Regional powers stepped up diplomatic efforts to head off further conflict, with President Barack Obama speaking to China’s Hu Jintao by telephone Monday and top diplomats from the U.S., South Korea and Japan scheduled to hold talks later in Washington.
Obama condemned North Korea’s Nov. 23 artillery shelling of Yeonpyeong Island and its pursuit of a uranium enrichment program, and urged Hu to send Pyongyang a message that its "provocations are unacceptable," the White House said.
The attack killed two marines and two civilian construction workers — the first attack on a civilian area since the 1950-53 Korean War.

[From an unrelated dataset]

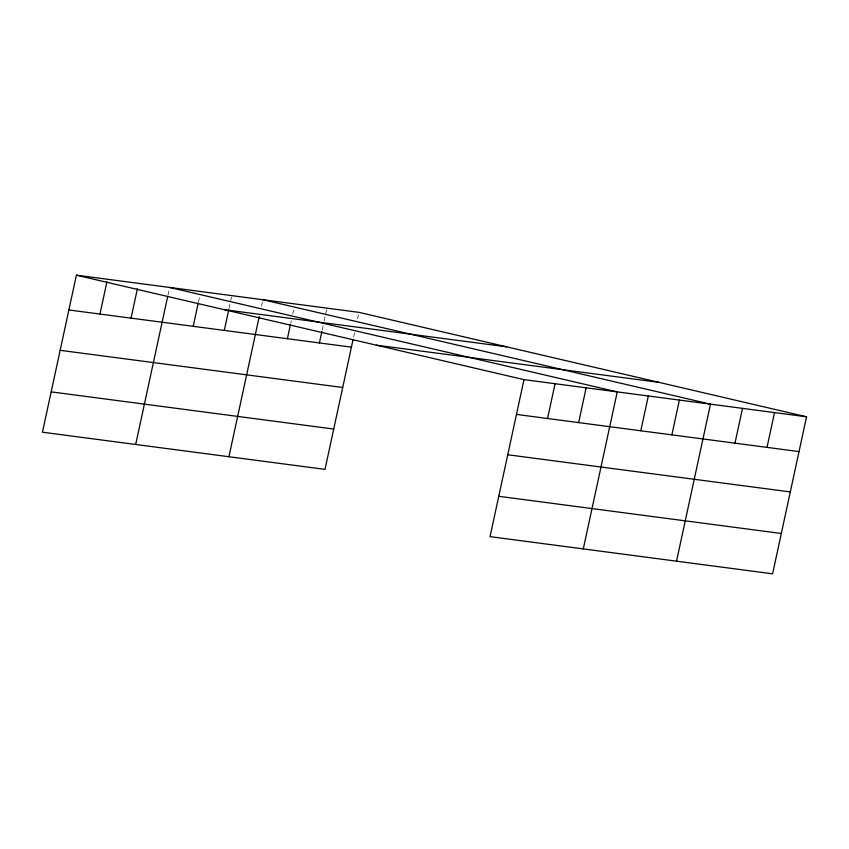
<?xml version="1.0" encoding="UTF-8"?>
<svg xmlns="http://www.w3.org/2000/svg" width="849" height="849" viewBox="0 0 849 849"><rect width="100%" height="100%" fill="white"/><g stroke="black" fill="none" stroke-linecap="round" stroke-linejoin="round"><path stroke-width="0.64" stroke-dasharray="4.25 3.18" d="M167.975 295.176L169.365 288.734M198.496 301.851L199.611 296.694M229.018 308.516L231.522 296.917M261.492 306.16L262.606 301.002M290.729 323.257L291.281 320.678M292.682 314.236L293.796 309.078M322.196 330.049L323.862 322.312M324.148 321.028L326.653 309.429M353.662 336.841L354.776 331.683M357.556 318.799L358.671 313.642"/><path stroke-width="1.27" d="M806.55 416.795L523.992 379.63L490.043 536.642L772.601 573.818L806.55 416.795L358.957 312.358L76.399 275.182L42.45 432.205L325.008 469.37L353.099 339.409M99.959 314.056L106.921 281.847M131.043 318.152L137.442 288.511M135.691 444.462L167.688 296.471M193.201 326.324L198.21 303.135M224.285 330.42L228.742 309.8M228.933 456.73L259.263 316.465M287.387 338.719L290.454 324.541M319.404 342.932L321.92 331.333M547.552 418.504L555.076 383.716M578.636 422.59L586.16 387.802M583.295 548.91L617.244 391.898L169.641 287.45M640.793 430.772L648.318 395.984M671.877 434.858L679.402 400.07M676.536 561.178L710.486 404.166L262.882 299.718M734.979 443.167L742.504 408.38M767.008 447.381L774.532 412.582M224.104 309.652L506.662 346.827M376.287 345.161L658.845 382.337M68.875 309.97L351.433 347.145M60.152 350.308L342.709 387.484M516.479 414.418L799.026 451.594M51.173 391.867L333.721 429.042M507.755 454.756L790.302 491.921M498.766 496.304L781.324 533.48M76.399 275.182L523.992 379.63"/></g></svg>

North Korea said it unleashed the artillery fire after Seoul went ahead with routine live-fire drills despite Pyongyang’s warnings to call off the military exercises. The North disputes the maritime border drawn in 1953 by U.N. forces, and considers the waters around Yeonpyeong, which lies just seven miles (11 kilometers) from its shores, its territory.
The shelling occurred just days after reports that North Korea had revealed a large uranium-enrichment facility that would give it a new method of making material for atomic bombs in addition to its known plutonium-based program.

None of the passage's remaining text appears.